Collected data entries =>
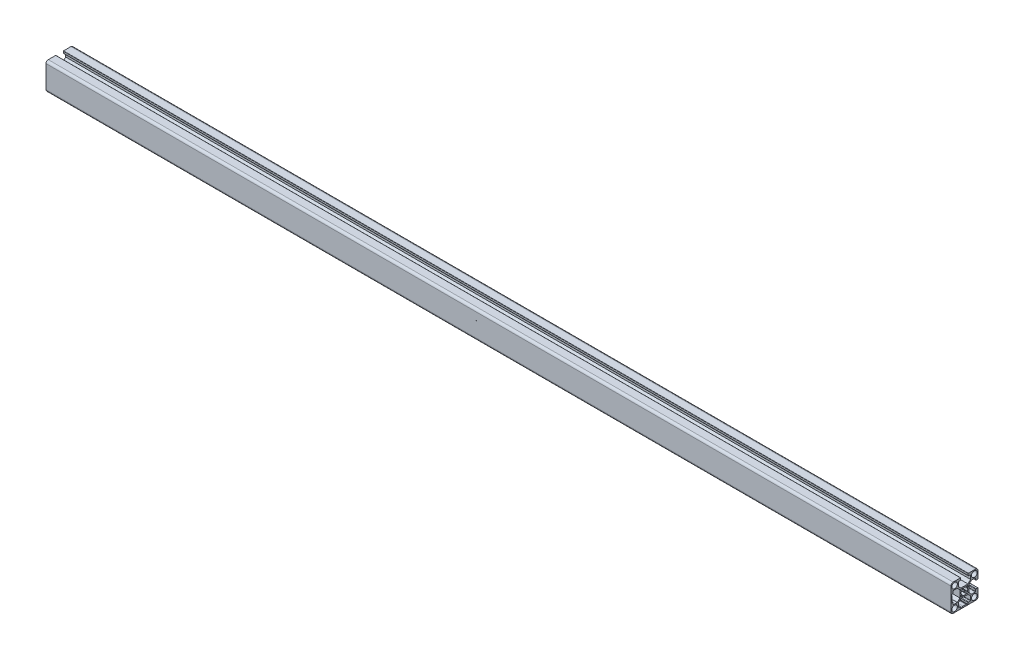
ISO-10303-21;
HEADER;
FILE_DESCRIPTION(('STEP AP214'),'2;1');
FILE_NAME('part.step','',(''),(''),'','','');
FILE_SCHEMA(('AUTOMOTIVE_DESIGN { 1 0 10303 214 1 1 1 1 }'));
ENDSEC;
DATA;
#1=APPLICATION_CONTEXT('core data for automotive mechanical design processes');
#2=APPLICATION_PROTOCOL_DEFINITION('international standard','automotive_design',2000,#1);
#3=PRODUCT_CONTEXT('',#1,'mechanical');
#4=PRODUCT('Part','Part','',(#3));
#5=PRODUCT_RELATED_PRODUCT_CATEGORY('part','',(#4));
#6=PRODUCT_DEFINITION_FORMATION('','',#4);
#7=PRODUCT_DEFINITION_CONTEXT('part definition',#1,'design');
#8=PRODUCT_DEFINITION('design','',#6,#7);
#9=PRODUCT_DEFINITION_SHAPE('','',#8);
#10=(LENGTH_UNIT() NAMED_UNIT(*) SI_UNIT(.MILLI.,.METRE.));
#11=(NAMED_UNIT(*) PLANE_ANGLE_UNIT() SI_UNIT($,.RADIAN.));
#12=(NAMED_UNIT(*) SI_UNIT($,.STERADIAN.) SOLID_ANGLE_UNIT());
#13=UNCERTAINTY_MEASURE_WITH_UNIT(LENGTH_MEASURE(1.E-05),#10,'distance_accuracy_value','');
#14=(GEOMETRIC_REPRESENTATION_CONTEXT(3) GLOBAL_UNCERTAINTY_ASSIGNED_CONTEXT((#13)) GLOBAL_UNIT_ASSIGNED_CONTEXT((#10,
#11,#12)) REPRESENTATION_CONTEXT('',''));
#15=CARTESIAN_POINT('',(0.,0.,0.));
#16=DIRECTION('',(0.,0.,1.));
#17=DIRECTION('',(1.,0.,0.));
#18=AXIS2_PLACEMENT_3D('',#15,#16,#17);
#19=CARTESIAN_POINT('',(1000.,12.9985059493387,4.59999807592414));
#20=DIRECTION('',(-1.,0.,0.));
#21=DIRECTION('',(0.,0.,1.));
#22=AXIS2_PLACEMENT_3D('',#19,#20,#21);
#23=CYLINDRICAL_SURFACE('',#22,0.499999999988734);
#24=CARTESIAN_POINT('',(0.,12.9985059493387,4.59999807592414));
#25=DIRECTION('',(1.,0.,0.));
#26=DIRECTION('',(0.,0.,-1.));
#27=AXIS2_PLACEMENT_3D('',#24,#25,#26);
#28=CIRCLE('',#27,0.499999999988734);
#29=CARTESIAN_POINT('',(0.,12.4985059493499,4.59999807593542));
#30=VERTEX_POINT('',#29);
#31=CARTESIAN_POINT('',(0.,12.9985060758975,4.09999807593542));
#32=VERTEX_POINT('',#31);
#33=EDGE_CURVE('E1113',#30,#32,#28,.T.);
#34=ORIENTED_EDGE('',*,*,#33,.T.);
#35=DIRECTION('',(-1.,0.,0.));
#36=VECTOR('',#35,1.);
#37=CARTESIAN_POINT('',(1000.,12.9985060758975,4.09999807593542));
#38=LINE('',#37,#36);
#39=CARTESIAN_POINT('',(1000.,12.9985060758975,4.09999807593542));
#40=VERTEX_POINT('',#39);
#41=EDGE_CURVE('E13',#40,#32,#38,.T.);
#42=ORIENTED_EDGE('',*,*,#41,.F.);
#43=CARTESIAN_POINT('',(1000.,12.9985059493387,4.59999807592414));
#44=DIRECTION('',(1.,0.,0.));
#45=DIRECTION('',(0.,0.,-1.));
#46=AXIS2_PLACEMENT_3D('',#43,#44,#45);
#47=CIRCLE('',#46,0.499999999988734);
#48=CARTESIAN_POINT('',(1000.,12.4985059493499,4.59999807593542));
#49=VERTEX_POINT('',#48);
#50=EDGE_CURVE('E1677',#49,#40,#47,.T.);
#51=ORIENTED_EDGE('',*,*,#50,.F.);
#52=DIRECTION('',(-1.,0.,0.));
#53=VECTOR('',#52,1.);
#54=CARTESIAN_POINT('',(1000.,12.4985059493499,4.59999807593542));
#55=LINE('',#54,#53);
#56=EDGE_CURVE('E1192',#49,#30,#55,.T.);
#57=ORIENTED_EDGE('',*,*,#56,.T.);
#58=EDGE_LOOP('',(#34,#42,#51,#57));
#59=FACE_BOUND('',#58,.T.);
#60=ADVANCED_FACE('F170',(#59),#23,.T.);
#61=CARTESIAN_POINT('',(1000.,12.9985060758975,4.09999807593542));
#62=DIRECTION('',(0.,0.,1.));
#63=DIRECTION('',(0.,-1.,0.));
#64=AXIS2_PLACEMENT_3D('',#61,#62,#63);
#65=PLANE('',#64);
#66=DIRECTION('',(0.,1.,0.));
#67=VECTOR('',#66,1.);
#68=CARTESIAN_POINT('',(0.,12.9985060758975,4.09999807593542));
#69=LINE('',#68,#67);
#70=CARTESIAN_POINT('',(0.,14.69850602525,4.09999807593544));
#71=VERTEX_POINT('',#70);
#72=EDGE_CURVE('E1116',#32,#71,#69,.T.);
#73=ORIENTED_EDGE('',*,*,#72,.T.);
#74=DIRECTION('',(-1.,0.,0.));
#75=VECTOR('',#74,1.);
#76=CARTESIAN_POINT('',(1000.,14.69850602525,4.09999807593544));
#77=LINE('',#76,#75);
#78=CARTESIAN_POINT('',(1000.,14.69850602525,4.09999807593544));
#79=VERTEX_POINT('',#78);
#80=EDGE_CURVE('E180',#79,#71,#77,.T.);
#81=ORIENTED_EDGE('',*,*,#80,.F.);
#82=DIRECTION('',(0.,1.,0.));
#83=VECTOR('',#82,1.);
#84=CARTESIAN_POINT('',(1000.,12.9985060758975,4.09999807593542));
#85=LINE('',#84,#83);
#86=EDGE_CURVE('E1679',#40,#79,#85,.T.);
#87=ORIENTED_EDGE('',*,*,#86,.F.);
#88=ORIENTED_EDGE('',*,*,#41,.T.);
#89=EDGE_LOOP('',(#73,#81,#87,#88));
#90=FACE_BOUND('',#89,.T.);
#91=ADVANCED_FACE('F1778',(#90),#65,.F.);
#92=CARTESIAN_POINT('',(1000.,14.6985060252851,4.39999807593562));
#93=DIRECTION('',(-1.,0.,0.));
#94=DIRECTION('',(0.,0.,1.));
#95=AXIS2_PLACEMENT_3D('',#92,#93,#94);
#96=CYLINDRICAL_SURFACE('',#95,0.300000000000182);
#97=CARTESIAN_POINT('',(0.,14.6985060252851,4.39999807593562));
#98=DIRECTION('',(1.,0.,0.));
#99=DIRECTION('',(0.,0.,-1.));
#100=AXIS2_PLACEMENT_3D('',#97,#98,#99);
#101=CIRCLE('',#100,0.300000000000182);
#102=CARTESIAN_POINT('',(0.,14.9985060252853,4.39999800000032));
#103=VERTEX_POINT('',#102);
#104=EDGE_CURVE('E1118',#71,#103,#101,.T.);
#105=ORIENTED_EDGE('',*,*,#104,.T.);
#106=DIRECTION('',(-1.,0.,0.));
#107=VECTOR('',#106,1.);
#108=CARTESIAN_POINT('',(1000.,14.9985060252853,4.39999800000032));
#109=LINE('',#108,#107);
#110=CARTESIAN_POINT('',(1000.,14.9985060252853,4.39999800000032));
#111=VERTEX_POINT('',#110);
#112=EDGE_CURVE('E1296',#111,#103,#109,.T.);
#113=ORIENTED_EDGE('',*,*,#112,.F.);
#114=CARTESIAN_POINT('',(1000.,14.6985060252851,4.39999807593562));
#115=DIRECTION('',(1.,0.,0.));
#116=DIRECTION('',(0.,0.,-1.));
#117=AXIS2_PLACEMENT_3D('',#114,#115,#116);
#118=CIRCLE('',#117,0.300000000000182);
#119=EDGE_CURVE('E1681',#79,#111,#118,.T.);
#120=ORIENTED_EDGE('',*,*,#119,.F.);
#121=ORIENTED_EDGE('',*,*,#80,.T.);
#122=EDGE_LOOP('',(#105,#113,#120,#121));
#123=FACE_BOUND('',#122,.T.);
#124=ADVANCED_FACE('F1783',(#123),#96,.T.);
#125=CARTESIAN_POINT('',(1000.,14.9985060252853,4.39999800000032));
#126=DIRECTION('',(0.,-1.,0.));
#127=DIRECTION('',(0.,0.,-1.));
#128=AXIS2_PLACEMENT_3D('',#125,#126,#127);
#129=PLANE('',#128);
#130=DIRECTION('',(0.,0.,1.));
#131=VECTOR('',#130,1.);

Exercise directions => Which lines above run from the one containing "#63=DIRECTION('',(0.,-1.,0.));" to the one containing "#71=VERTEX_POINT('',#70);"? Give them again exactly, both ends included.

Answer for the task =>
#63=DIRECTION('',(0.,-1.,0.));
#64=AXIS2_PLACEMENT_3D('',#61,#62,#63);
#65=PLANE('',#64);
#66=DIRECTION('',(0.,1.,0.));
#67=VECTOR('',#66,1.);
#68=CARTESIAN_POINT('',(0.,12.9985060758975,4.09999807593542));
#69=LINE('',#68,#67);
#70=CARTESIAN_POINT('',(0.,14.69850602525,4.09999807593544));
#71=VERTEX_POINT('',#70);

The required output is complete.